I need the lines below from the one with "LVDT_V3_In : Inport" down to the one with "COMMISH_MESSAGE : cdsEpicsStringIn/EpicsStringIn" reproduced exactly, both ends included, and nothing else.

Study material =
════════════════

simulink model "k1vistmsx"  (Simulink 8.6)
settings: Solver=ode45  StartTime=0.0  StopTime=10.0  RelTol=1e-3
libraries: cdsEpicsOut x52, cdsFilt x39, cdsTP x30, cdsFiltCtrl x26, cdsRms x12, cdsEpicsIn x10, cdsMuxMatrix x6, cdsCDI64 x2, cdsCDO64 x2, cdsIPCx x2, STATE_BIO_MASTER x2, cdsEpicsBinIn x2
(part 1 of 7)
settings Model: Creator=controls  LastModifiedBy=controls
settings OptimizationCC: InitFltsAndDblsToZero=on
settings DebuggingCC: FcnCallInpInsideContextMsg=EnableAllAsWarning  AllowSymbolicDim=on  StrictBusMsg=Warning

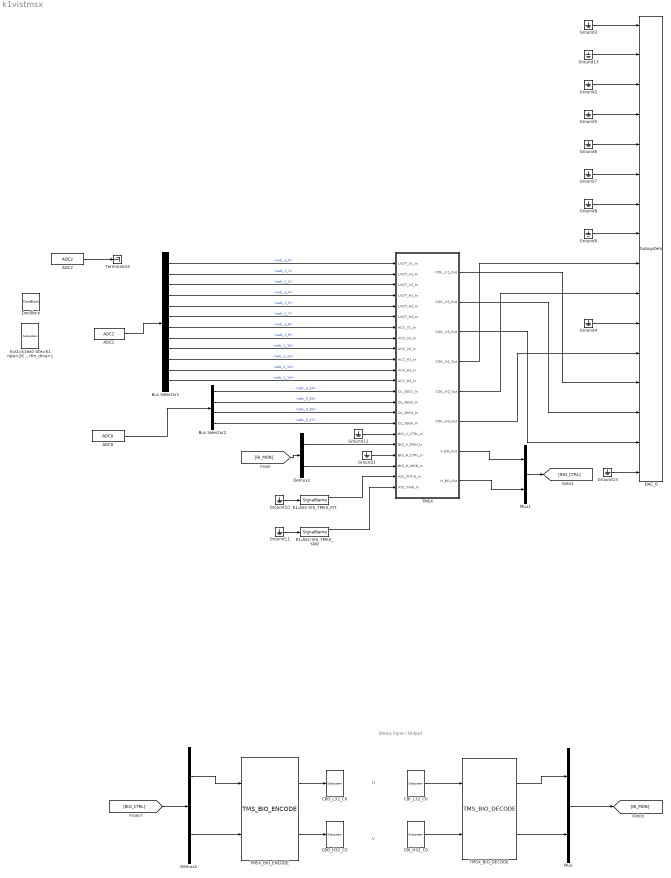
== system k1vistmsx ==
  note: Binary Input / Output
  note: H
  note: V
  ADC0 : cdsAdcx0/ADC0  Tag=cdsAdc  Description=|
      | type-GSC_16AI64SSA
      | card_num=0
      settings: AttributesFormatString=%<Description>\n%<Tag>
  ADC1 : cdsAdcx1/ADC1  Tag=cdsAdc  Description=|
      | type-GSC_16AI64SSA
      | card_num=1
      settings: AttributesFormatString=%<Description>\n%<Tag>
  ADC2 : cdsAdcx2/ADC2  Tag=cdsAdc  Description=|
      | type-GSC_16AI64SSA
      | card_num=2
      settings: AttributesFormatString=%<Description>\n%<Tag>
  Bus Selector1 : BusSelector  Description=ADC Selector  OutputSignals=adc_1_0,adc_1_1,adc_1_2,adc_1_4,adc_1_5,adc_1_7,adc_1_8,adc_1_9,adc_1_10,adc_1_12,adc_1_13,adc_1_14
      settings: AttributesFormatString=%<Description>
  Bus Selector2 : BusSelector  Description=ADC Selector  OutputSignals=adc_0_24,adc_0_25,adc_0_26,adc_0_27
      settings: AttributesFormatString=%<Description>
  CBI_H32_C0 : cdsCDI64/Subsystem  Tag=cdsCDI64  Description=card_num=1
      settings: AttributesFormatString=%<Tag>\n%<Description>
  CBI_L32_C0 : cdsCDI64/Subsystem  Tag=cdsCDI64  Description=card_num=0
      settings: AttributesFormatString=%<Tag>\n%<Description>
  CBO_H32_C0 : cdsCDO64/Subsystem  Tag=cdsCDO64  Description=card_num=1
      settings: AttributesFormatString=%<Tag>\n%<Description>
  CBO_L32_C0 : cdsCDO64/Subsystem  Tag=cdsCDO64  Description=card_num=0
      settings: AttributesFormatString=%<Tag>\n%<Description>
  DAC_0 : dac/Subsystem  Description=|
      | type=GSC_16AO16,
      | card_num=0
      settings: AttributesFormatString=%<Description>
  Demux1 : Demux  Outputs=2
  Demux2 : Demux  Outputs=2
  DocBlock : simulink/Model-Wide Utilities/DocBlock  DocumentType=Text
  Ground{1..13,15} (14 alike) : Ground
  K1:ASC-VIS_TMSX_PIT : cdsIPCx/SignalName  Tag=cdsIPCx_RFM  Description=card=0
      settings: AttributesFormatString=%<Description>\n%<Tag>
  K1:ASC-VIS_TMSX_YAW : cdsIPCx/SignalName  Tag=cdsIPCx_RFM  Description=card=0
      settings: AttributesFormatString=%<Description>\n%<Tag>
  Mux : Mux  Inputs=2
  Mux1 : Mux  Inputs=2
  TMSX : Subsystem  AncestorBlock=VIS_TMS_LIB/TMS_VIS
  TMSX_BIO_DECODE : VIS_TMS_LIB/TMS_BIO_DECODE
  TMSX_BIO_ENCODE : VIS_TMS_LIB/TMS_BIO_ENCODE
  Terminator4 : Terminator
  host=k1ex0 site=K1 rate=2K dcuid=107 specific_cpu=7 adcSlave=1 no_rfm_dma=1 : cdsParameters/Subsystem  Tag=cdsParameters  Description=|
      | Purpose:                                                                                                                                                                                                                                
      |                                                                                                                                                                                                                                         
      | Provide system parameters to the FE code generator to properly configure the generated EPICS names, rep rate of the FE controller, and the Data Acquisition node ID for proper storage of data from this FE controller.                 
      |                                                                                                                                                                                                                                         
      | Useage:                                                                                                                                                                                                                                 
      |                                                                                                                                                                                                                                         
      | The part NAME field is used to identify the FE parameters. It must be of the form:                                                                                                                                                      
      |                                                                                                                                                                                                                                         
      | site=                                                                                                                                                                                                                                   
      | rate=                                                                                                                                                                                                                                   
      | dcuid=                                                                                                                                                                                                                                  
      |                                                                                                                                                                                                                                         
      | Where:                                                                                                                                                                                                                                  
      |                                                                                                                                                                                                                                         
      | site= argument may be H1, H2, L1, M1, G1, either as a single argument or multiple, for example site=H1,H2. These are the only names allowed. These will become the first two characters of all EPICS and signal names (for example G1:).
      |                                                                                                                                                                                                                                         
      | rate= may be 2K, 16K, 32K, or 64K                                                                                                                                                                                                       
      |                                                                                                                                                                                                                                         
      | dcuid= is site specific ie it must be unique at each site.
      settings: AttributesFormatString=%<Tag>
  wires:
  ADC0/1 -> Bus Selector2/1
  Bus Selector1/10 -> TMSX/10(ACC_H1_In)  "<adc_1_12>"
  Bus Selector1/11 -> TMSX/11(ACC_H2_In)  "<adc_1_13>"
  Bus Selector1/12 -> TMSX/12(ACC_H3_In)  "<adc_1_14>"
  TMSX_BIO_ENCODE/1 -> CBO_L32_C0/1
  CBI_L32_C0/1 -> TMSX_BIO_DECODE/1
  TMSX_BIO_DECODE/2 -> Mux/2
  TMSX_BIO_DECODE/1 -> Mux/1
  Mux/1 -> [BI_MON]
  [BIO_CTRL] -> Demux1/1
  TMSX_BIO_ENCODE/2 -> CBO_H32_C0/1
  Demux1/1 -> TMSX_BIO_ENCODE/1
  Demux1/2 -> TMSX_BIO_ENCODE/2
  CBI_H32_C0/1 -> TMSX_BIO_DECODE/2
  [BI_MON] -> Demux2/1
  TMSX/7(V_BO_Out) -> Mux1/1
  TMSX/8(H_BO_Out) -> Mux1/2
  Mux1/1 -> [BIO_CTRL]
  TMSX/1(COIL_V1_Out) -> DAC_0/13
  TMSX/2(COIL_V2_Out) -> DAC_0/14
  TMSX/3(COIL_V3_Out) -> DAC_0/15
  Demux2/1 -> TMSX/18(BIO_V_MON_In)
  Ground1/1 -> TMSX/19(BIO_H_CTRL_In)
  Ground12/1 -> TMSX/17(BIO_V_CTRL_In)
  Demux2/2 -> TMSX/20(BIO_H_MON_In)
  Bus Selector1/1 -> TMSX/1(LVDT_V1_In)  "<adc_1_0>"
  Bus Selector1/2 -> TMSX/2(LVDT_V2_In)  "<adc_1_1>"
  Bus Selector1/3 -> TMSX/3(LVDT_V3_In)  "<adc_1_2>"
  Bus Selector1/4 -> TMSX/4(LVDT_H1_In)  "<adc_1_4>"
  Bus Selector1/5 -> TMSX/5(LVDT_H2_In)  "<adc_1_5>"
  Bus Selector1/6 -> TMSX/6(LVDT_H3_In)  "<adc_1_7>"
  Bus Selector1/7 -> TMSX/7(ACC_V1_In)  "<adc_1_8>"
  Bus Selector1/8 -> TMSX/8(ACC_V2_In)  "<adc_1_9>"
  Bus Selector1/9 -> TMSX/9(ACC_V3_In)  "<adc_1_10>"
  Ground3/1 -> DAC_0/1
  Ground2/1 -> DAC_0/3
  Bus Selector2/1 -> TMSX/13(OL_SEG1_In)  "<adc_0_24>"
  Bus Selector2/2 -> TMSX/14(OL_SEG2_In)  "<adc_0_25>"
  Bus Selector2/3 -> TMSX/15(OL_SEG3_In)  "<adc_0_26>"
  Bus Selector2/4 -> TMSX/16(OL_SEG4_In)  "<adc_0_27>"
  Ground13/1 -> DAC_0/2
  Ground7/1 -> DAC_0/6
  Ground6/1 -> DAC_0/5
  Ground5/1 -> DAC_0/4
  Ground8/1 -> DAC_0/7
  Ground9/1 -> DAC_0/8
  TMSX/4(COIL_H1_Out) -> DAC_0/9
  TMSX/5(COIL_H2_Out) -> DAC_0/10
  Ground4/1 -> DAC_0/11
  TMSX/6(COIL_H3_Out) -> DAC_0/12
  Ground15/1 -> DAC_0/16
  ADC2/1 -> Terminator4/1
  ADC1/1 -> Bus Selector1/1
  Ground10/1 -> K1:ASC-VIS_TMSX_PIT/1
  Ground11/1 -> K1:ASC-VIS_TMSX_YAW/1
  K1:ASC-VIS_TMSX_PIT/1 -> TMSX/21(ASC_PITCH_In)
  K1:ASC-VIS_TMSX_YAW/1 -> TMSX/22(ASC_YAW_In)

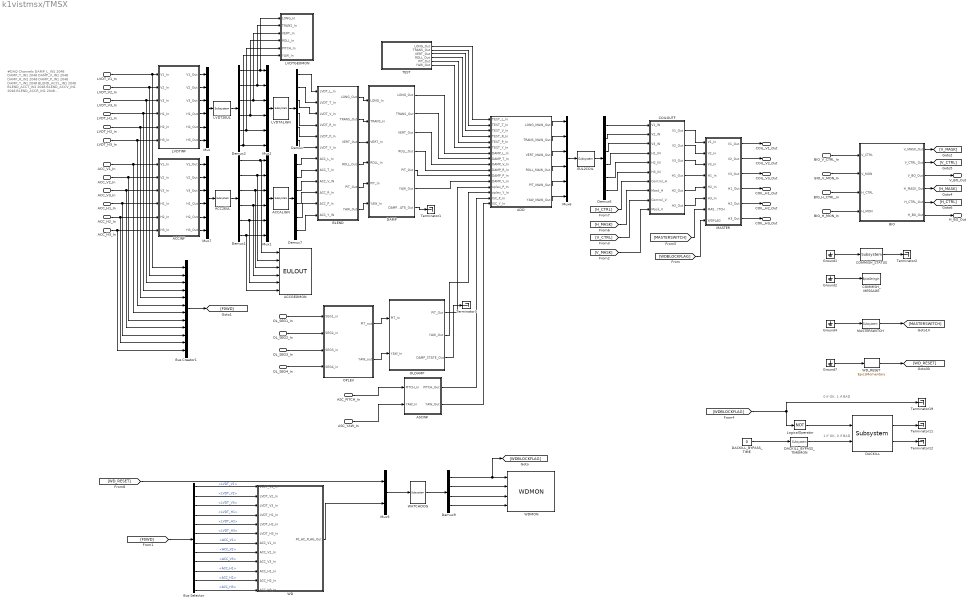
== system k1vistmsx/TMSX ==
  note: #DAQ Channels
      | DAMP_L_IN1 2048
      | DAMP_T_IN1 2048
      | DAMP_V_IN1 2048
      | DAMP_R_IN1 2048
      | DAMP_P_IN1 2048
      | DAMP_Y_IN1 2048
      | BLEND_ACCL_IN1 2048
      | BLEND_ACCT_IN1 2048
      | BLEND_ACCV_IN1 2048
      | BLEND_ACCR_IN1 2048
      | BLEND_ACCP_IN1 2048
      | BLEND_ACCY_IN1 2048
      | BLEND_LVDTL_IN1 2048
      | BLEND_LVDTT_IN1 2048
      | BLEND_LVDTV_IN1 2048
      | BLEND_LVDTR_IN1 2048
      | BLEND_LVDTP_IN1 2048
      | BLEND_LVDTY_IN1 2048
  note: 1 if OK, 0 if BAD
  note: 0 if OK, 1 if BAD
  LVDT_V1_In : Inport
  LVDT_V2_In : Inport  Port=2
  LVDT_V3_In : Inport  Port=3
  LVDT_H1_In : Inport  Port=4
  LVDT_H2_In : Inport  Port=5
  LVDT_H3_In : Inport  Port=6
  ACC_V1_In : Inport  Port=7
  ACC_V2_In : Inport  Port=8
  ACC_V3_In : Inport  Port=9
  ACC_H1_In : Inport  Port=10
  ACC_H2_In : Inport  Port=11
  ACC_H3_In : Inport  Port=12
  OL_SEG1_In : Inport  Port=13
  OL_SEG2_In : Inport  Port=14
  OL_SEG3_In : Inport  Port=15
  OL_SEG4_In : Inport  Port=16
  BIO_V_CTRL_In : Inport  Port=17
  BIO_V_MON_In : Inport  Port=18
  BIO_H_CTRL_In : Inport  Port=19
  BIO_H_MON_In : Inport  Port=20
  ASC_PITCH_In : Inport  Port=21
  ASC_YAW_In : Inport  Port=22
  ACC2EUL : cdsMuxMatrix/Subsystem  Tag=cdsMuxMatrix  Description=|
      | ADL=SUS_INMATRIX.adl 
      | SCRIPT=generate_KisselButton.py 4 5 #CHANNEL# > #TARGET_DIR#/#FULL_PART_NAME#_KB.adl
      settings: AttributesFormatString=%<Tag>
  ACCALIGN : cdsMuxMatrix/Subsystem  Tag=cdsMuxMatrix  Description=Any size matrix. Inputs and outputs must be connected using Mux and Demux parts.
      settings: AttributesFormatString=%<Tag>
  ACCGEOMON : VIS_LIB/EULOUT
  ACCINF : Subsystem
  ADD : Subsystem
  ASCINF : Subsystem
  BIO : Subsystem
  BLEND : Subsystem
  Bus Creator1 : BusCreator  Inputs='LVDT_H1','LVDT_H2','LVDT_H3','LVDT_V1','LVDT_V2','LVDT_V3','ACC_H1','ACC_H2','ACC_H3','ACC_V1','ACC_V2','ACC_V3'
  Bus Selector : BusSelector  OutputSignals=LVDT_V1,LVDT_V2,LVDT_V3,LVDT_H1,LVDT_H2,LVDT_H3,ACC_V1,ACC_V2,ACC_V3,ACC_H1,ACC_H2,ACC_H3
  COILOUTF : Subsystem
  COMMISH_MESSAGE : cdsEpicsStringIn/EpicsStringIn  Tag=cdsEpicsStringIn  Description=cdsEpicsStringIn
      settings: AttributesFormatString=%<Tag>
  COMMISH_STATUS : cdsEpicsBinIn/Subsystem  Tag=cdsEpicsBinIn  Description=|
      | Purpose:                                                                            
      | Create an EPICS binary (0 or 1) input channel to the FE realtime controls.          
      |                                                                                     
      | Operation:                                                                          
      | Outputs value from an EPICS ai record. Value is binary input (bi Epics record type).
      |                                                                                     
      | Usage:                                                                              
      | Name the part with the desired EPICS channel name.
      settings: AttributesFormatString=%<Tag>
  DACKILL : cdsDacKill/Subsystem  Description=cdsDacKill
      settings: AttributesFormatString=%<Description>
  DACKILL_BYPASS_TIME : Constant  Value=0
  DACKILL_BYPASS_TIMEMON : cdsEpicsOut/Subsystem  Tag=cdsEpicsOutput  Description=|
      | Purpose:                                          
      | Output a FE signal to an EPICS channel.           
      |                                                   
      | Operation:                                        
      | Takes input value and passes it to EPICS record.  
      |                                                   
      | Usage:                                            
      | Name the part with the desired EPICS rrecord name.
      settings: AttributesFormatString=%<Tag>
  DAMP : Subsystem
  Demux{,1..2,6..7} (5 alike) : Demux  Outputs=6
  Demux9 : Demux
  EUL2COIL : cdsMuxMatrix/Subsystem  Tag=cdsMuxMatrix  Description=|
      | ADL=SUS_INMATRIX.adl 
      | SCRIPT=generate_KisselButton.py 4 5 #CHANNEL# > #TARGET_DIR#/#FULL_PART_NAME#_KB.adl
      settings: AttributesFormatString=%<Tag>
  Ground{1..2,4,7} (4 alike) : Ground
  LVDT2EUL : cdsMuxMatrix/Subsystem  Tag=cdsMuxMatrix  Description=|
      | ADL=SUS_INMATRIX.adl 
      | SCRIPT=generate_KisselButton.py 4 5 #CHANNEL# > #TARGET_DIR#/#FULL_PART_NAME#_KB.adl
      settings: AttributesFormatString=%<Tag>
  LVDTALIGN : cdsMuxMatrix/Subsystem  Tag=cdsMuxMatrix  Description=Any size matrix. Inputs and outputs must be connected using Mux and Demux parts.
      settings: AttributesFormatString=%<Tag>
  LVDTGEOMON : Subsystem  AncestorBlock=VIS_LIB/EULOUT
  LVDTINF : Subsystem
  LogicalOperator : Logic  Operator=NOT  AllPortsSameDT=off  OutDataTypeStr=boolean
  MASTER : Subsystem
  MASTERSWITCH : cdsEpicsBinIn/Subsystem  Tag=cdsEpicsBinIn  Description=|
      | Purpose:                                                                            
      | Create an EPICS binary (0 or 1) input channel to the FE realtime controls.          
      |                                                                                     
      | Operation:                                                                          
      | Outputs value from an EPICS ai record. Value is binary input (bi Epics record type).
      |                                                                                     
      | Usage:                                                                              
      | Name the part with the desired EPICS channel name.
      settings: AttributesFormatString=%<Tag>
  Mux{,1..2,6..7} (5 alike) : Mux  Inputs=6
  Mux9 : Mux  Inputs=2
  OLDAMP : Subsystem
  OPLEV : Subsystem
  TEST : Subsystem
  Terminator{1..3,11..12,19} (6 alike) : Terminator
  WATCHDOG : cdsFunctionCall/Subsystem  Tag=cdsFunctionCall  Description=inline OSEMWATCHDOG /opt/rtcds/userapps/release/vis/common/src/WATCHDOG.c
      settings: AttributesFormatString=%<Tag>\n%<Description>
  WD : Subsystem
  WDMON : SIXOSEM_F_STAGE_MASTER/SIXOSEM_F_STAGE_MASTER/WDMON
  WD_RESET : cdsEpicsMomentary/EpicsMomentary  Tag=cdsEpicsMomentary
      settings: AttributesFormatString=%<Tag>
  COIL_V1_Out : Outport
  COIL_V2_Out : Outport  Port=2
  COIL_V3_Out : Outport  Port=3
  COIL_H1_Out : Outport  Port=4
  COIL_H2_Out : Outport  Port=5
  COIL_H3_Out : Outport  Port=6
  V_BO_Out : Outport  Port=7
  H_BO_Out : Outport  Port=8
  wires:
  ASCINF/2(YAW_Out) -> ADD/16(ISC_Y_In)
  ASCINF/1(PITCH_Out) -> ADD/15(ISC_P_In)
  ASC_YAW_In/1 -> ASCINF/2(YAW_In)
  ASC_PITCH_In/1 -> ASCINF/1(PITCH_In)
  DAMP/3(VERT_Out) -> ADD/9(DAMP_V_In)
  DAMP/2(TRANS_Out) -> ADD/8(DAMP_T_In)
  DAMP/1(LONG_Out) -> ADD/7(DAMP_L_In)
  TEST/3(VERT_Out) -> ADD/3(TEST_V_In)
  TEST/2(TRANS_Out) -> ADD/2(TEST_T_In)
  TEST/1(LONG_Out) -> ADD/1(TEST_L_In)
  DAMP/7(DAMP_STATE_Out) -> Terminator1/1
  [WDBLOCKFLAG] -> MASTER/8(WDFLAG)
  Bus Creator1/1 -> [F0WD]
  WATCHDOG/1 -> Demux9/1
  Mux9/1 -> WATCHDOG/1
  Demux9/4 -> WDMON/4
  Demux9/3 -> WDMON/3
  Demux9/2 -> WDMON/2
  Demux9/1 -> WDMON/1, [WDBLOCKFLAG]
  [F0WD] -> Bus Selector/1
  WD/1(F0_AC_FLAG_Out) -> Mux9/2
  [WD_RESET] -> Mux9/1
  [MASTERSWITCH] -> MASTER/7(MASTERSWITCH)
  EUL2COIL/1 -> Demux6/1
  Mux6/1 -> EUL2COIL/1
  Demux/3 -> BLEND/3(LVDT_V_In)
  Demux/2 -> BLEND/2(LVDT_T_In)
  Demux/1 -> BLEND/1(LVDT_L_In)
  ACC2EUL/1 -> Demux1/1
  Mux7/1 -> ACC2EUL/1
  LVDT2EUL/1 -> Demux2/1
  Mux/1 -> LVDT2EUL/1
  Demux/4 -> BLEND/4(LVDT_R_In)
  Demux/5 -> BLEND/5(LVDT_P_In)
  Demux/6 -> BLEND/6(LVDT_Y_In)
  Demux7/6 -> BLEND/12(ACC_Y_IN)
  Demux7/5 -> BLEND/11(ACC_P_In)
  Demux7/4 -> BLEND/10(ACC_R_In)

════════════════

Result =
  LVDT_V3_In : Inport  Port=3
  LVDT_H1_In : Inport  Port=4
  LVDT_H2_In : Inport  Port=5
  LVDT_H3_In : Inport  Port=6
  ACC_V1_In : Inport  Port=7
  ACC_V2_In : Inport  Port=8
  ACC_V3_In : Inport  Port=9
  ACC_H1_In : Inport  Port=10
  ACC_H2_In : Inport  Port=11
  ACC_H3_In : Inport  Port=12
  OL_SEG1_In : Inport  Port=13
  OL_SEG2_In : Inport  Port=14
  OL_SEG3_In : Inport  Port=15
  OL_SEG4_In : Inport  Port=16
  BIO_V_CTRL_In : Inport  Port=17
  BIO_V_MON_In : Inport  Port=18
  BIO_H_CTRL_In : Inport  Port=19
  BIO_H_MON_In : Inport  Port=20
  ASC_PITCH_In : Inport  Port=21
  ASC_YAW_In : Inport  Port=22
  ACC2EUL : cdsMuxMatrix/Subsystem  Tag=cdsMuxMatrix  Description=|
      | ADL=SUS_INMATRIX.adl 
      | SCRIPT=generate_KisselButton.py 4 5 #CHANNEL# > #TARGET_DIR#/#FULL_PART_NAME#_KB.adl
      settings: AttributesFormatString=%<Tag>
  ACCALIGN : cdsMuxMatrix/Subsystem  Tag=cdsMuxMatrix  Description=Any size matrix. Inputs and outputs must be connected using Mux and Demux parts.
      settings: AttributesFormatString=%<Tag>
  ACCGEOMON : VIS_LIB/EULOUT
  ACCINF : Subsystem
  ADD : Subsystem
  ASCINF : Subsystem
  BIO : Subsystem
  BLEND : Subsystem
  Bus Creator1 : BusCreator  Inputs='LVDT_H1','LVDT_H2','LVDT_H3','LVDT_V1','LVDT_V2','LVDT_V3','ACC_H1','ACC_H2','ACC_H3','ACC_V1','ACC_V2','ACC_V3'
  Bus Selector : BusSelector  OutputSignals=LVDT_V1,LVDT_V2,LVDT_V3,LVDT_H1,LVDT_H2,LVDT_H3,ACC_V1,ACC_V2,ACC_V3,ACC_H1,ACC_H2,ACC_H3
  COILOUTF : Subsystem
  COMMISH_MESSAGE : cdsEpicsStringIn/EpicsStringIn  Tag=cdsEpicsStringIn  Description=cdsEpicsStringIn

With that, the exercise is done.